1st. It is contended that the information is defective, and the same was challenged, both by demurrer and by motion in arrest of judgment. There are four grounds of demurrer, only two of which are argued in appellant’s brief, which grounds are as follows:

“2d. That the information in the above-entitled action does not substantially conform to the requirements of the Penal Code and Code of Criminal Procedure of North Dakota, 1905, and acts amendatory thereof, in this, — that the act charged as an offense in said information [289]*289is not clearly and distinctly set forth in ordinary and concise language, without repetition, and in such a manner as to enable a person of common understanding to know what is intended or what is chargedand,
“3d. That more than one offense is charged in said information.”

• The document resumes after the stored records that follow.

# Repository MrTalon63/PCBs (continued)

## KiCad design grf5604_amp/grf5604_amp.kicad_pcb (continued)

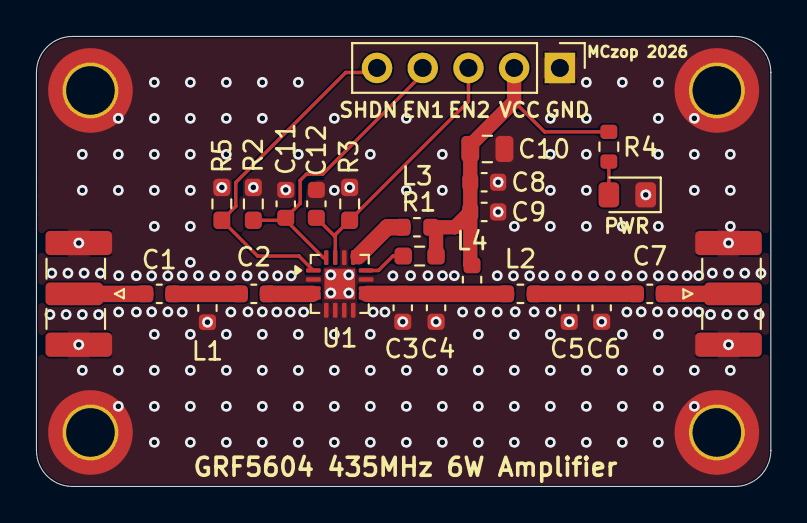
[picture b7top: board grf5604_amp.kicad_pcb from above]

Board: 2 copper layers, 40.8 x 25.0 mm, 30 parts (0 on the bottom side), 14 nets.

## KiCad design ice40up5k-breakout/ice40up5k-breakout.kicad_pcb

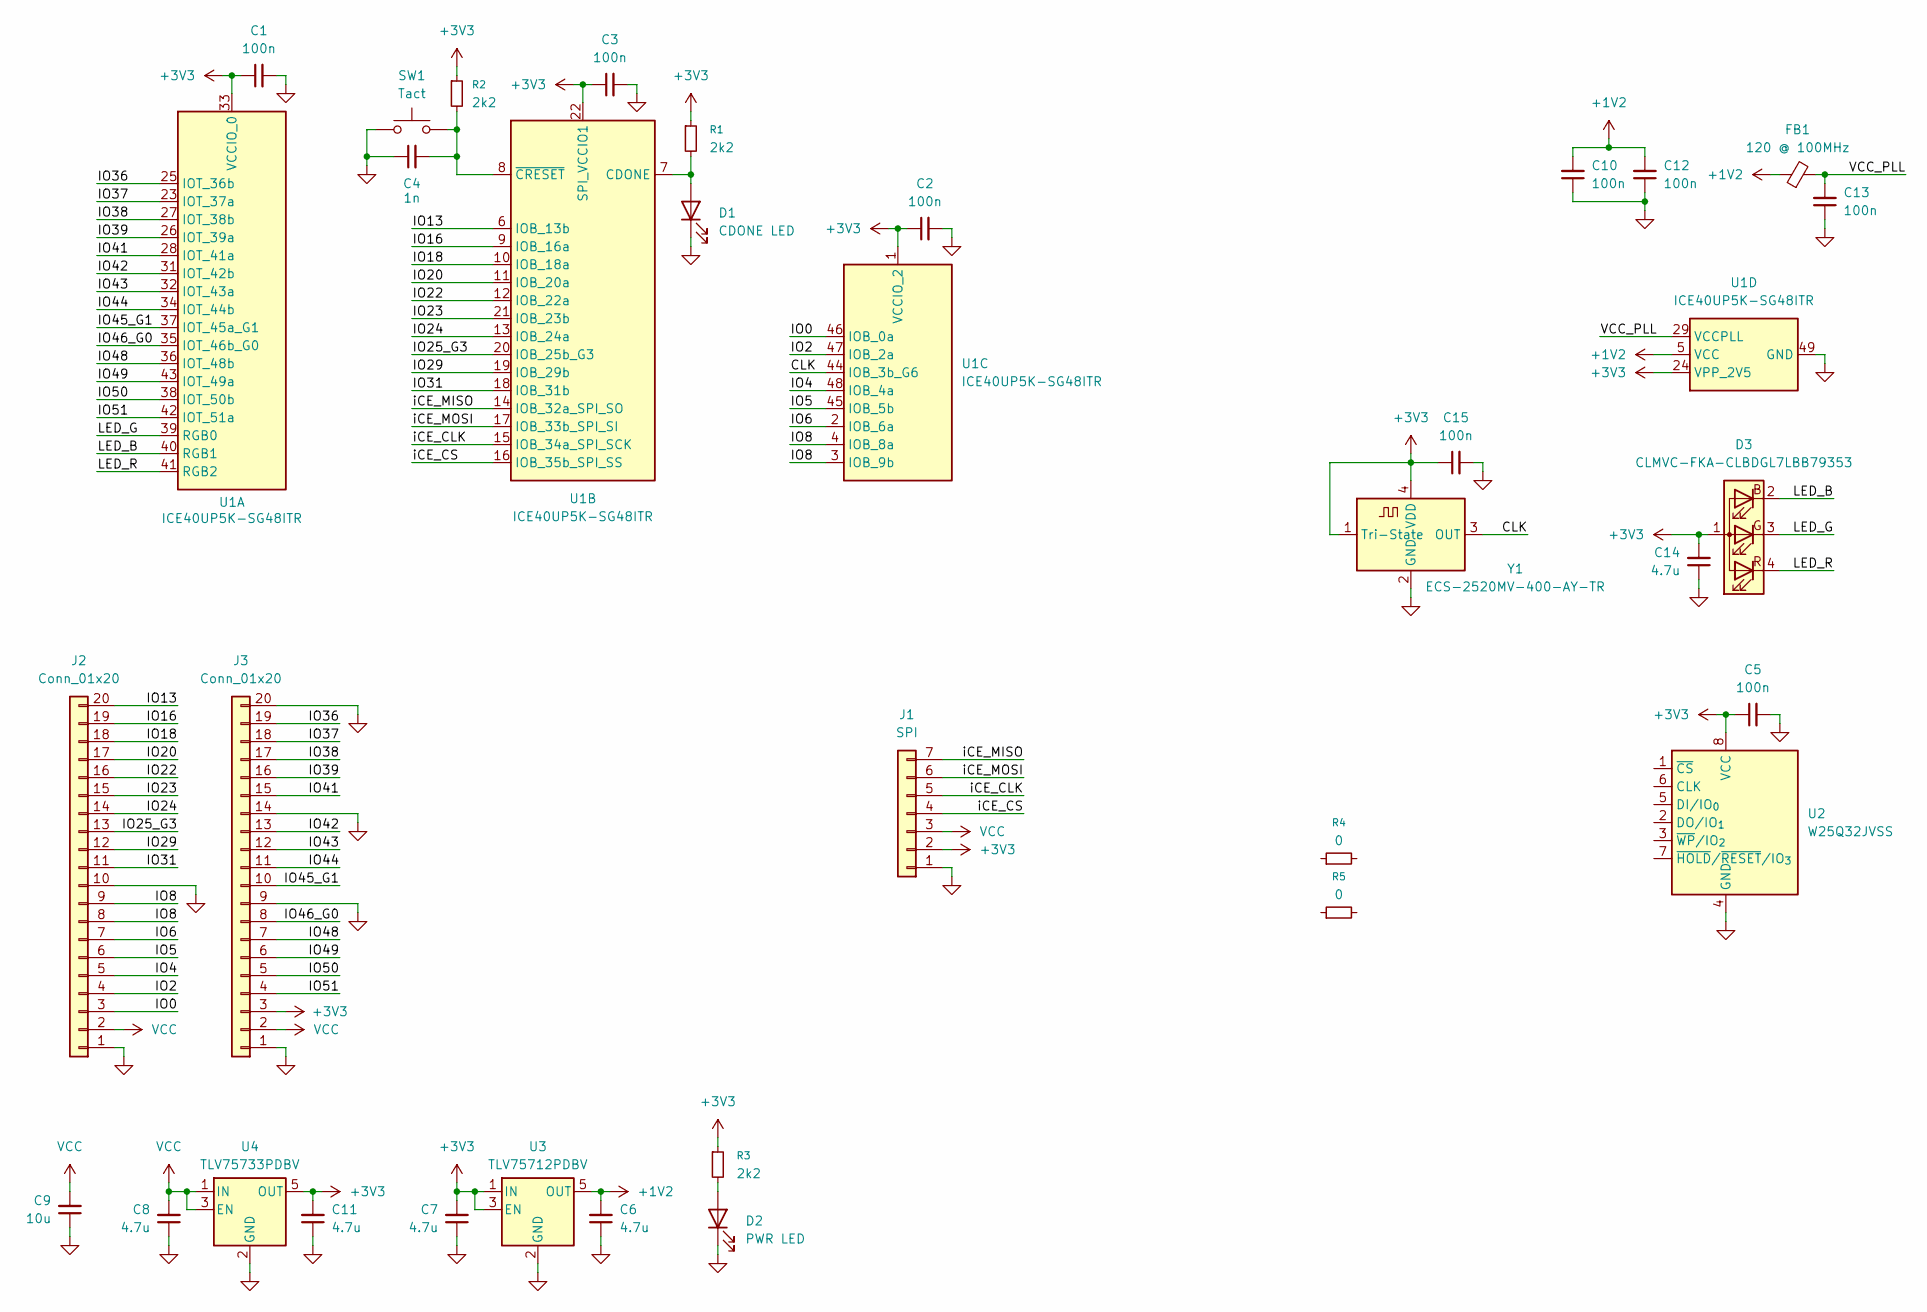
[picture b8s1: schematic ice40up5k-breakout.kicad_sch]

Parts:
C1, C2, C3, C5, C10, C12, C13, C15: 100n; C_0603_1608Metric
C4: 1n; C_0603_1608Metric
C6, C7, C8, C11, C14: 4.7u; C_0603_1608Metric
C9: 10u; C_0805_2012Metric
D1: CDONE LED; LED_0805_2012Metric
D2: PWR LED; LED_0805_2012Metric
D3: CLMVC-FKA-CLBDGL7LBB79353; LED_Cree-PLCC4_2x2mm_CW
FB1: 120 @ 100MHz; L_0603_1608Metric
J1: SPI; PinHeader_1x07_P2.54mm_Vertical
J2, J3: Conn_01x20; PinSocket_1x20_P2.54mm_Vertical
R1, R2, R3: 2k2; R_0603_1608Metric
R4, R5: 0; R_0603_1608Metric
SW1: Tact; Push_SMD_5.2x5.2mm_h1.9mm
U1: ICE40UP5K-SG48ITR; QFN-48-1EP_7x7mm_P0.5mm_EP5.6x5.6mm
U2: W25Q32JVSS; SOIC-8_5.3x5.3mm_P1.27mm
U3: TLV75712PDBV; SOT-23-5
U4: TLV75733PDBV; SOT-23-5
Y1: ECS-2520MV-400-AY-TR; Oscillator_SMD_ECS_2520MV-xxx-xx-4Pin_2.5x2.0mm

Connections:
+1V2: C6.2, C10.2, C12.2, FB1.1, U1.5 (VCC), U1.30 (VCC), U3.5 (OUT)
+3V3: C1.1, C2.1, C3.1, C5.1, C7.2, C11.2, C14.2, C15.1, D3.1 (A), J1.2, J3.3, R1.1, R2.1, R3.1, U1.1 (VCCIO_2), U1.22 (SPI_VCCIO1), U1.24 (VPP_2V5), U1.33 (VCCIO_0), U2.8 (VCC), U3.1 (IN), U3.3 (EN), U4.5 (OUT), Y1.1 (Tri-State), Y1.4 (VDD)
/CLK: U1.44 (IOB_3b_G6), Y1.3 (OUT)
/IO0: J2.3, U1.46 (IOB_0a)
/IO2: J2.4, U1.47 (IOB_2a)
/IO4: J2.5, U1.48 (IOB_4a)
/IO5: J2.6, U1.45 (IOB_5b)
/IO6: J2.7, U1.2 (IOB_6a)
/IO8: J2.8, J2.9, U1.3 (IOB_9b), U1.4 (IOB_8a)
/IO13: J2.20, U1.6 (IOB_13b)
/IO16: J2.19, U1.9 (IOB_16a)
/IO18: J2.18, U1.10 (IOB_18a)
/IO20: J2.17, U1.11 (IOB_20a)
/IO22: J2.16, U1.12 (IOB_22a)
/IO23: J2.15, U1.21 (IOB_23b)
/IO24: J2.14, U1.13 (IOB_24a)
/IO25_G3: J2.13, U1.20 (IOB_25b_G3)
/IO29: J2.12, U1.19 (IOB_29b)
/IO31: J2.11, U1.18 (IOB_31b)
/IO36: J3.19, U1.25 (IOT_36b)
/IO37: J3.18, U1.23 (IOT_37a)
/IO38: J3.17, U1.27 (IOT_38b)
/IO39: J3.16, U1.26 (IOT_39a)
/IO41: J3.15, U1.28 (IOT_41a)
/IO42: J3.13, U1.31 (IOT_42b)
/IO43: J3.12, U1.32 (IOT_43a)
/IO44: J3.11, U1.34 (IOT_44b)
/IO45_G1: J3.10, U1.37 (IOT_45a_G1)
/IO46_G0: J3.8, U1.35 (IOT_46b_G0)
/IO48: J3.7, U1.36 (IOT_48b)
/IO49: J3.6, U1.43 (IOT_49a)
/IO50: J3.5, U1.38 (IOT_50b)
/IO51: J3.4, U1.42 (IOT_51a)
/LED_B: D3.2 (BK), U1.40 (RGB1)
/LED_G: D3.3 (GK), U1.39 (RGB0)
/LED_R: D3.4 (RK), U1.41 (RGB2)
/VCC_PLL: C13.2, FB1.2, U1.29 (VCCPLL)
/iCE_CLK: J1.5, U1.15 (IOB_34a_SPI_SCK)
/iCE_CS: J1.4, U1.16 (IOB_35b_SPI_SS)
/iCE_MISO: J1.7, U1.14 (IOB_32a_SPI_SO)
/iCE_MOSI: J1.6, U1.17 (IOB_33b_SPI_SI)
GND: C1.2, C2.2, C3.2, C4.1, C5.2, C6.1, C7.1, C8.1, C9.1, C10.1, C11.1, C12.1, C13.1, C14.1, C15.2, D1.1 (K), D2.1 (K), J1.1, J2.1, J2.10, J3.1, J3.9, J3.14, J3.20, SW1.1, U1.49 (GND), U2.4 (GND), U3.2 (GND), U4.2 (GND), Y1.2 (GND)
unnamed: D1.2 (A), R1.2, U1.7 (CDONE)
unnamed: D2.2 (A), R3.2
unnamed: C4.2, R2.2, SW1.2, U1.8 (~CRESET)
VCC: C8.2, C9.2, J1.3, J2.2, J3.2, U4.1 (IN), U4.3 (EN)

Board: 2 copper layers, 33 parts (0 on the bottom side), 46 nets, no tracks yet.

The information, omitting formal parties, is as follows:

“Dudley L. Nash, state’s attorney in and for the county of Ward, in the state of North Dakota, as informant here in open court, in the name and by the authority of the state of North Dakota, gives this court to understand and be informed:
“That heretofore, to wit, on the twenty-seventh day of May, in the year of our Lord, one thousand nine hundred and nine, at the county of Ward in the state of North Dakota, one E. C. Tolley, late of said county of Ward and state aforesaid, did commit the crime of criminal lihel, committed as follows, to wit: That at said time and place, the said E. C. Tolley, defendant herein,' did wilfully, unlawfully, feloniously, designedly, maliciously, and knowingly, and with malicious intent to injure one Ambrose B. Olson, write, print, and publish, and cause to be written, printed, and published, of and concerning him, the said Ambrose B. Olson, a certain malicious, false, and defamatory libel, in language tending to impeach the honesty, integrity, and reputation of him-, the said Ambrose B. Olson, and thereby to expose him, the said Ambrose B. Olson, to public hatred, ridicule, and contempt, and deprive him of the benefits of public confidence and social intercourse; and the said Ambrose B. Olson, at the time of the said malicious and defamatory publication, was a resident of the county of Ward, in the state of North Dakota, and said libelous publication was then and there in the words and figures following, to wit:
“ T did refuse to put any money into the hands of Ambrose Olson last fall, for the reason that he has misappropriated hundreds of dollaws of my money, and I have no confidence in his handling any more of it, and would not feel justified in letting him carry a rat’s tail to a sick kitten.’
“The said E. O. Tolley then and there, thereby meaning and tending to charge the said Ambrose B. Olson with having committed a public offense, to wit, the crime of embezzlement, he, the said E. O. Tolley, well knowing that the said defamatory matter would expose him, the said Ambrose B. Olson, to public hatred, contempt, and ridicule, and [290]*290would impeach the honesty, integrity, and reputation of him, the said Ambrose B. Olson, and deprive- him, the said Ambrose B. Olson, of the benefits of public confidence, and social intercourse.
“This contrary to the form of the statute in such case made and provided, and against the peace and dignity of the state of North Dakota.”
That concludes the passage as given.